ExponentialUpdateLossScaleManager Constructor

Description

Constructor of the ExponentialUpdateLossScaleManager class, which is used to define the dynamic LossScale parameter during training and dynamically obtains and updates the value of LossScale by defining the loss_scale variable when the overflow/underflow mode of floating-point computation is saturation mode.
  • Atlas Training Series Product: The default overflow/underflow mode of floating-point computation is saturation mode, and only the saturation mode is supported.

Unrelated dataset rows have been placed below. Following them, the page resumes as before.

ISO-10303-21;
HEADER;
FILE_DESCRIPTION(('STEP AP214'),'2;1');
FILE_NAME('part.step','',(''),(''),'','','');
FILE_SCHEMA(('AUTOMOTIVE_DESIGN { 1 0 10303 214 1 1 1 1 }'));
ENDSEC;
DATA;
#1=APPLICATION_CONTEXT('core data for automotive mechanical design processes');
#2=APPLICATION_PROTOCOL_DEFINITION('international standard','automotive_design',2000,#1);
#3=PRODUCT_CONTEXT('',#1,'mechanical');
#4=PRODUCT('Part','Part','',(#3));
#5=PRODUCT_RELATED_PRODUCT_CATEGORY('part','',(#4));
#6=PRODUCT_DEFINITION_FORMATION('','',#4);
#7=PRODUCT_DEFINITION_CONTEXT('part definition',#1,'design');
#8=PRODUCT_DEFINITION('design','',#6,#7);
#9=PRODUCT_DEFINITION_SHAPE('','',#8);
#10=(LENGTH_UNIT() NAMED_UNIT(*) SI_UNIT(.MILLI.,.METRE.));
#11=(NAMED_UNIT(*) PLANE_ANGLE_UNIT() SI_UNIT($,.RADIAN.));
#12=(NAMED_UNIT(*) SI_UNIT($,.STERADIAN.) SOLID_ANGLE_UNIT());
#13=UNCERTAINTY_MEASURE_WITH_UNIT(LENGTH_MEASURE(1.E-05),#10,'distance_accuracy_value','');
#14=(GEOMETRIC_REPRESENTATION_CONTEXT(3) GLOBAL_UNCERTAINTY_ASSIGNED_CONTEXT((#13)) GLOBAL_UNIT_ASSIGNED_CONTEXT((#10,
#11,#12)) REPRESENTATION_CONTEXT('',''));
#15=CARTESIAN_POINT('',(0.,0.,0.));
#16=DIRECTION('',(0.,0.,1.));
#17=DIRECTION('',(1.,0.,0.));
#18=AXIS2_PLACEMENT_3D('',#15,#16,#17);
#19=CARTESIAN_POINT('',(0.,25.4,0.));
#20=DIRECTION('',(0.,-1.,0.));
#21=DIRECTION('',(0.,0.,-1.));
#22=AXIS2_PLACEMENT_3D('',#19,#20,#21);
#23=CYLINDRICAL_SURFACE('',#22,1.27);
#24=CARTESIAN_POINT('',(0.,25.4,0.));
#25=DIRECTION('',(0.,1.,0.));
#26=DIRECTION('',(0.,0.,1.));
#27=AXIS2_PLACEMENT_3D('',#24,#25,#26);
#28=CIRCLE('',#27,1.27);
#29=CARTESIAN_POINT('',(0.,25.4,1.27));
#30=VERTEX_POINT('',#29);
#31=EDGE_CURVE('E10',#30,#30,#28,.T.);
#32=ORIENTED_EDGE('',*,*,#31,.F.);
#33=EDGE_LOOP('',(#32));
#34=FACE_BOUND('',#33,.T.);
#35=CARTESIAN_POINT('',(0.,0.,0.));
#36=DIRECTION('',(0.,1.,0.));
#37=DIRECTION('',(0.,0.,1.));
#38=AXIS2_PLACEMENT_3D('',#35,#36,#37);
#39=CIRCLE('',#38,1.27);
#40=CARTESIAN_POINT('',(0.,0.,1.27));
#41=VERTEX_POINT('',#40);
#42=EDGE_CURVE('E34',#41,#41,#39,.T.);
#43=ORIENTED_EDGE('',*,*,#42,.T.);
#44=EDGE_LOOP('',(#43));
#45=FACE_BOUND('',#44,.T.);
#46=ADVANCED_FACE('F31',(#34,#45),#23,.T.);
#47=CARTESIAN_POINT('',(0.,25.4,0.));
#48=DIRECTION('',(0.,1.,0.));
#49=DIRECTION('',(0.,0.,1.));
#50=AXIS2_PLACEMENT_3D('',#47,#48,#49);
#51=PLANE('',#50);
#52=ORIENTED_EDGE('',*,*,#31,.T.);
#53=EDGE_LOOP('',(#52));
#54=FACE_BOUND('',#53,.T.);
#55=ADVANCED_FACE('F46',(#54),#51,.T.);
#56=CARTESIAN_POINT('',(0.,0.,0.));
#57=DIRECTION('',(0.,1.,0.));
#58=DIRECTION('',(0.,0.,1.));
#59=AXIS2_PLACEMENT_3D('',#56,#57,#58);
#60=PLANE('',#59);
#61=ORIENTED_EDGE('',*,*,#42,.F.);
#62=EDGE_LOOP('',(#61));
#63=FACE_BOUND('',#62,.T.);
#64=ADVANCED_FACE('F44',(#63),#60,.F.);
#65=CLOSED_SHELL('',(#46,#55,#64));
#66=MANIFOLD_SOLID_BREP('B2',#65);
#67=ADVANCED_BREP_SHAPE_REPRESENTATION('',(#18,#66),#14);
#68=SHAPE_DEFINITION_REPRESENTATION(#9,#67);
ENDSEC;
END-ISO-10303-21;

This means when an overflow/underflow occurs during computation, the computation result is saturated to a floating-point extreme value (±MAX).

Prototype

def __init__(self,
init_loss_scale,
incr_every_n_steps,
decr_every_n_nan_or_inf=2,
incr_ratio=2,
decr_ratio=0.8)

Options

Option

Input/Output

Description

init_loss_scale

Input

Initial loss scale value. A float.

incr_every_n_steps

Input

If no overflow occurs for N iterations, increase the value of loss scale.

decr_every_n_nan_or_inf

Input

If an overflow occurs for N iterations, decrease the value of loss scale. Default value: 2

incr_ratio

Input

Percentage increase of loss scale. Default value: 2

decr_ratio

Input

Percentage decrease of loss scale. Default value: 0.8

Returns

An object of the ExponentialUpdateLossScaleManager class

Restrictions

The objects of the ExponentialUpdateLossScaleManager class cannot be constructed within the scope of tf.control_dependencies(). Otherwise, the graph structure execution sequence may be different from the expected sequence.